Jaccard Score: 0.8936170212765957

Confusion Matrix:
[[53  4]
 [ 1 42]]

Classification Report:
              precision    recall  f1-score   support

           0       0.98      0.93      0.95        57
           1       0.91      0.98      0.94        43

    accuracy                           0.95       100
   macro avg       0.95      0.95      0.95       100
weighted avg       0.95      0.95      0.95       100

However, the specific scores are not the point of this short article!

We could certainly tune the prompt and work on our data to make the scores even better. Also, highly specialized models will likely outperform the LLM in many cases.
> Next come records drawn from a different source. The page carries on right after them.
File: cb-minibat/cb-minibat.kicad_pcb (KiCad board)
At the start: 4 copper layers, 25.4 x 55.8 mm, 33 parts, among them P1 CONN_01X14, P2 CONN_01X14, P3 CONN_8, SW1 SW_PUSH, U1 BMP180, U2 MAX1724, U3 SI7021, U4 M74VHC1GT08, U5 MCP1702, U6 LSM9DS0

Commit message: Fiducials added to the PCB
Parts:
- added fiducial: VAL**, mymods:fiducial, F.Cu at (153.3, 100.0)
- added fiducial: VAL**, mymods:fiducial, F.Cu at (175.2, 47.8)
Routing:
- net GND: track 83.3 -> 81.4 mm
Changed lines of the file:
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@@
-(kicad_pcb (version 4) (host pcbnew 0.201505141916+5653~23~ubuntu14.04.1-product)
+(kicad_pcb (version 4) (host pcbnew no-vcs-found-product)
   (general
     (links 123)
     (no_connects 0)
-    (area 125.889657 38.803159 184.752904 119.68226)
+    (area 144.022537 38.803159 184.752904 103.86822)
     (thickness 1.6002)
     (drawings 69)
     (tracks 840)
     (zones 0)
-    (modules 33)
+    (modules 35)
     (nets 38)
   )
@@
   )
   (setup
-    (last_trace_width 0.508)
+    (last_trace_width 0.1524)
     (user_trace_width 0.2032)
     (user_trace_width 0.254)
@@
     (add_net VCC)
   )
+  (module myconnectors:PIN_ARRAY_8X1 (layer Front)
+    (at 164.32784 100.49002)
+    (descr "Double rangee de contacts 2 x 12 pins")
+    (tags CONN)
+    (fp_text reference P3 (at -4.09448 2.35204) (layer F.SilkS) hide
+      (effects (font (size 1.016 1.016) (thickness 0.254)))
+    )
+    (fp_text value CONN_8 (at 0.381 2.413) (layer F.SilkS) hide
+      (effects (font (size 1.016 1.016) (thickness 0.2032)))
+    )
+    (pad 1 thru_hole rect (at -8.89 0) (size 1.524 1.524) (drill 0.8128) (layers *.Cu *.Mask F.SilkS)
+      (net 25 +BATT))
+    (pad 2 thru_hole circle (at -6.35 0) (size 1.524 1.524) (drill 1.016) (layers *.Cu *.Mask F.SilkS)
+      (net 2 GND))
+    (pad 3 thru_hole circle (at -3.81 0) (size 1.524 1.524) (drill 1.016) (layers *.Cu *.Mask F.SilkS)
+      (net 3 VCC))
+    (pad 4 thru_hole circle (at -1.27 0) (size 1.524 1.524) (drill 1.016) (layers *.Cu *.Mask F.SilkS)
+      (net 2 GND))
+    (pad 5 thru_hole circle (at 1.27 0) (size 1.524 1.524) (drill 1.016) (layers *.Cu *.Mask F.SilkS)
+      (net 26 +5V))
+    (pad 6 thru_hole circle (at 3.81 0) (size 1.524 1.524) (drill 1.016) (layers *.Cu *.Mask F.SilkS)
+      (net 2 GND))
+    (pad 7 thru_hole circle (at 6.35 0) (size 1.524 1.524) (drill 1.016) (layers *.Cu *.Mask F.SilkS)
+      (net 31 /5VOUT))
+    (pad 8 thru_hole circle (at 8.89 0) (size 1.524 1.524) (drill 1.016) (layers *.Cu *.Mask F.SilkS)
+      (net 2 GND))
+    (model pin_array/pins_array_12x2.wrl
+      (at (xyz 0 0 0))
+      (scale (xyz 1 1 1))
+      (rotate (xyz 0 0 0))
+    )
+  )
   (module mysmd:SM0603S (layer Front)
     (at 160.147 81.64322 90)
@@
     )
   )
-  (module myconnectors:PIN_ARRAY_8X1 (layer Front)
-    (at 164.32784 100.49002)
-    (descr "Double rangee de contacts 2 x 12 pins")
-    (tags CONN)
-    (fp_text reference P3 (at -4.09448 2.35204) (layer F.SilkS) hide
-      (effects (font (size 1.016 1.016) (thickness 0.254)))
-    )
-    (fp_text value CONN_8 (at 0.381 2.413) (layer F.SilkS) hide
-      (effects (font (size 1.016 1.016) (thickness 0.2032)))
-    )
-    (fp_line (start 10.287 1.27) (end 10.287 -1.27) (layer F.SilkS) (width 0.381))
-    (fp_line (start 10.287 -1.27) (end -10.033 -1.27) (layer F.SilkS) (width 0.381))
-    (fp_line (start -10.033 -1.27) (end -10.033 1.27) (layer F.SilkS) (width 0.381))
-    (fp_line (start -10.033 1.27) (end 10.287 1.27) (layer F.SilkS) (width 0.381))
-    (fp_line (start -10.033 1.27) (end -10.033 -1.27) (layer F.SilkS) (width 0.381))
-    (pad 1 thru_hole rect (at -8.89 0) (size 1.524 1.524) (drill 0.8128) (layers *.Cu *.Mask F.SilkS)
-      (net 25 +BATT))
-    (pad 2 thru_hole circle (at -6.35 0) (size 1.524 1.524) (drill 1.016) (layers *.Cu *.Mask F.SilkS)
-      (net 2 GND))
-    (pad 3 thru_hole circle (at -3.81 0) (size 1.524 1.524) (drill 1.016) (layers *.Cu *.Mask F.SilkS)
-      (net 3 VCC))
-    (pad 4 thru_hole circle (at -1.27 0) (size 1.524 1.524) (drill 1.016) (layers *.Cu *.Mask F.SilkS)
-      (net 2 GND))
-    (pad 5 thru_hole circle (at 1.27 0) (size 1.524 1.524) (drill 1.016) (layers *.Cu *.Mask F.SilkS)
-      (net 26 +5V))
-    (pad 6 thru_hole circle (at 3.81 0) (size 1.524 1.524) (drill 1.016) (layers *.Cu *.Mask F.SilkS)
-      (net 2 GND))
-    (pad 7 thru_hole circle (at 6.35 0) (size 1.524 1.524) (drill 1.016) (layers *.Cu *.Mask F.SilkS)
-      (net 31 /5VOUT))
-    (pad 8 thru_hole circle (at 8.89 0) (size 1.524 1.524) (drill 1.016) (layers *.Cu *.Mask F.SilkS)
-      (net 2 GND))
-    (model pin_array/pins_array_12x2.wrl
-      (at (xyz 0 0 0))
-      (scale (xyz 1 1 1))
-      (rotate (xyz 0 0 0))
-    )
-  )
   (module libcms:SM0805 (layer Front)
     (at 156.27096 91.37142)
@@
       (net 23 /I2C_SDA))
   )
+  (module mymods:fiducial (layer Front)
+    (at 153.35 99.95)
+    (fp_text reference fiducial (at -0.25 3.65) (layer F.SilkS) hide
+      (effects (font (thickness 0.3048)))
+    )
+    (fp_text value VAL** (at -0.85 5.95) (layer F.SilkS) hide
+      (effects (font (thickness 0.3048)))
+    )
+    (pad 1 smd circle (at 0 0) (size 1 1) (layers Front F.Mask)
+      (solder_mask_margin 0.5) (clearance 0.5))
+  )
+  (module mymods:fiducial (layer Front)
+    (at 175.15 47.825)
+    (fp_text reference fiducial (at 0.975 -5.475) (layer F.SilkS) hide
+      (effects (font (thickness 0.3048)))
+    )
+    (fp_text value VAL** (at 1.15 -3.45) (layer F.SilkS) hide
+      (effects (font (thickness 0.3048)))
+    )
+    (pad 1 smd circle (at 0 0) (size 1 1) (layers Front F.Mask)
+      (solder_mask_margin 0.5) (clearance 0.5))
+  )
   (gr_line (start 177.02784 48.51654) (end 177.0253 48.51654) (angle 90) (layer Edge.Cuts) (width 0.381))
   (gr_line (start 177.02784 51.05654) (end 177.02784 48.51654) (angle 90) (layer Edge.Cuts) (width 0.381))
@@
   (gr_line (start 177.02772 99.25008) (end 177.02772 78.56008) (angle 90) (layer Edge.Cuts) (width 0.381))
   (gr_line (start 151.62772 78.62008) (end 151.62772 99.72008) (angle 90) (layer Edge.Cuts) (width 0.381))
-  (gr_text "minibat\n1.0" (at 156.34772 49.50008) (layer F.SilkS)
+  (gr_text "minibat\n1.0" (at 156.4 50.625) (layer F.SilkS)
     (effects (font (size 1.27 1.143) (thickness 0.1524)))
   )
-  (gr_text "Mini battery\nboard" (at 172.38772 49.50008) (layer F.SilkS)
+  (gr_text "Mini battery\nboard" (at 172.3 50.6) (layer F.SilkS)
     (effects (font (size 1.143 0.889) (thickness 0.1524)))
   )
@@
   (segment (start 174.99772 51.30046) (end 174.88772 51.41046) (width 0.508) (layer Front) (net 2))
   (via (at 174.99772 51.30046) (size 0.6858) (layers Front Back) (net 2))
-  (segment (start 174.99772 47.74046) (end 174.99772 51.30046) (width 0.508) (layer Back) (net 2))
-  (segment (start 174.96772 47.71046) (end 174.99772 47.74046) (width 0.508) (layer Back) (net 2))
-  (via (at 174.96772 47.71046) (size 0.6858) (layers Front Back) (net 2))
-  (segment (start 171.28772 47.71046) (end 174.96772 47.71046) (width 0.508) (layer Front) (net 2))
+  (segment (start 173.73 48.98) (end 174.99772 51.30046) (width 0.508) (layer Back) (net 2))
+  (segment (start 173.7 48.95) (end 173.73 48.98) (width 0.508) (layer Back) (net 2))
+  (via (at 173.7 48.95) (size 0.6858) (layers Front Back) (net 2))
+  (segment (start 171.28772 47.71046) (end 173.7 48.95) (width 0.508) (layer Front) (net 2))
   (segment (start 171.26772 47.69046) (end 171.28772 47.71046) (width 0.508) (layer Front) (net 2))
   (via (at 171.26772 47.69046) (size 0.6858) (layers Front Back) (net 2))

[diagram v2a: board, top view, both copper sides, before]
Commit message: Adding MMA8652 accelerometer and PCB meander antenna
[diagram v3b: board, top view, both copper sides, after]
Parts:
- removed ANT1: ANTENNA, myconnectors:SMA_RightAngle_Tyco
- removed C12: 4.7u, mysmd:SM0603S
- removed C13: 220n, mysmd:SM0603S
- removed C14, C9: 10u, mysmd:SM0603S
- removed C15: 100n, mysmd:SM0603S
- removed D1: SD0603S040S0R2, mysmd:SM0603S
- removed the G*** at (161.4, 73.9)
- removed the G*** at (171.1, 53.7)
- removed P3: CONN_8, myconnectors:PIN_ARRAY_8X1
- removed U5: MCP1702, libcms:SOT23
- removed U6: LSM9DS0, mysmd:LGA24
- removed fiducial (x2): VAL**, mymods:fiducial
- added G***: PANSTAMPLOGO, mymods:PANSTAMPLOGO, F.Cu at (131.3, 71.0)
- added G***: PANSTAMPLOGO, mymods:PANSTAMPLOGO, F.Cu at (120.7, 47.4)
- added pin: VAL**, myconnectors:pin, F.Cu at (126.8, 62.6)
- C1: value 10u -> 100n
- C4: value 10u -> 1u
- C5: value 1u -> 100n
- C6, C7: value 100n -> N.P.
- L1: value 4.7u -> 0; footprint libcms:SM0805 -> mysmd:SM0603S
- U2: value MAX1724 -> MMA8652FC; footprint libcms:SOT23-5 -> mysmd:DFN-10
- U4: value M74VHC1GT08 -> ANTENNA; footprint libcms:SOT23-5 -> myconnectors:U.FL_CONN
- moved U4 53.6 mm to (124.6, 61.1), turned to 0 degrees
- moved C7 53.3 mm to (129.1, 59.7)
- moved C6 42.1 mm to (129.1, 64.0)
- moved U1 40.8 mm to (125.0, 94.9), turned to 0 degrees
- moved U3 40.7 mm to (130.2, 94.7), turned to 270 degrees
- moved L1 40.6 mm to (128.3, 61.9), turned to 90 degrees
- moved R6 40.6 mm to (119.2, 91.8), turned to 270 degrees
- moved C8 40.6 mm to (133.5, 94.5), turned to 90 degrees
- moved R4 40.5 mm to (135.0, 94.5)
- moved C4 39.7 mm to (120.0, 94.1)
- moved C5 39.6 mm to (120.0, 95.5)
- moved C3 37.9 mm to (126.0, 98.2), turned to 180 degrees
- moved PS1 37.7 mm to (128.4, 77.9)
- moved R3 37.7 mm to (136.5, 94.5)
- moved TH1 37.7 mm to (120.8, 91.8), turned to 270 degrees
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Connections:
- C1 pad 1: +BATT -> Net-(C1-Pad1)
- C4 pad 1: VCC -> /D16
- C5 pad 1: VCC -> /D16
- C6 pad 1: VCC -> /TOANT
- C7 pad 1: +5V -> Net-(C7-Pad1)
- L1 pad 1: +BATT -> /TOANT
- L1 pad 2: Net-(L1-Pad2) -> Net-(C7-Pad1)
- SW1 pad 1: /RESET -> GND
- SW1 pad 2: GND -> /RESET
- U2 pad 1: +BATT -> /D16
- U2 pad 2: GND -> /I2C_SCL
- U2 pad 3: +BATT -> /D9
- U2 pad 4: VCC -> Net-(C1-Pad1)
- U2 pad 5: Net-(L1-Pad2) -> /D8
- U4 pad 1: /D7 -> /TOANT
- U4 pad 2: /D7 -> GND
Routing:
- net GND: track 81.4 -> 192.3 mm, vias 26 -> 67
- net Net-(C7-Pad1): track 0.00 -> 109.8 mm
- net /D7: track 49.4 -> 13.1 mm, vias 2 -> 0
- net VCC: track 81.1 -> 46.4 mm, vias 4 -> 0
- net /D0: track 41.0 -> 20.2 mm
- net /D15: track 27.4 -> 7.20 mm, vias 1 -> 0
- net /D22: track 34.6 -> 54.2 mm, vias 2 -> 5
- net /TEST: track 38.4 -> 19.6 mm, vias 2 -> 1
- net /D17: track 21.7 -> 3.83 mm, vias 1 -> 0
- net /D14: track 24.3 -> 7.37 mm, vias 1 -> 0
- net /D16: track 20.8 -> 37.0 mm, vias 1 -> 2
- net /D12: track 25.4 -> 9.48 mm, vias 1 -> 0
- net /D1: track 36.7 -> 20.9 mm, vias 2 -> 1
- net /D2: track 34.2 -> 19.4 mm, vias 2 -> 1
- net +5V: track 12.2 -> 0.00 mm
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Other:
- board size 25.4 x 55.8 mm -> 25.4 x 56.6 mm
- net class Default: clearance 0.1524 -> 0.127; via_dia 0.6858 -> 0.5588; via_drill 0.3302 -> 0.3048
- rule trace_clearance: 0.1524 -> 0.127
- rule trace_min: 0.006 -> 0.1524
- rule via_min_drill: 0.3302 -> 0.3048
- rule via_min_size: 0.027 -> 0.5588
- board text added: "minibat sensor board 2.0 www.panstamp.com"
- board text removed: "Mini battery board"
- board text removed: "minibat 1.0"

What is important is the fact that LLMs can be used as very flexible and highly capable modules in a data pipeline. They can be used to turn unstructured text into structured data and to extract features on the fly!

Conclusion and Caveats

State-of-the-art LLMs and Chatbots such as ChatGPT and Bard are celebrated (and sometimes feared) for having the capabilities to create new text, images, etc. However, they are also a giant leap forward regarding more “boring” tasks: They work wonders in the context of data science and can be deployed in various applications!

Obviously, this is not news! For example, GPT-3 has been used in many different applications since day one. Nevertheless, I think it is essential to keep in mind the different use cases for this technology – ranging from using the LLM as a simple information extraction tool to co-creating with AI. As the example above has shown, LLMs allow us to, for example, rapidly extract new features and work with ever larger sets of unstructured data.

That said, there are at least three caveats that we cannot ignore:

Firstly, especially with large and commercial models, we have less control over the data these models have been trained on – it might be easier to trust a specialized and established model.

Secondly, there is the issue of privacy: In the example above, every sample is sent to OpenAI.

Lastly, we have to consider the cost of using these models. When using commercial models such as gpt-3.5-turbo or gpt-4, we are adding another layer of cost (also environmentally) for inference to our project. Depending on the model used and the amount of data, this can become a problem rather quickly.

Of course, most of these issues can be solved or at least mitigated by relying on open models that we can host and run ourselves.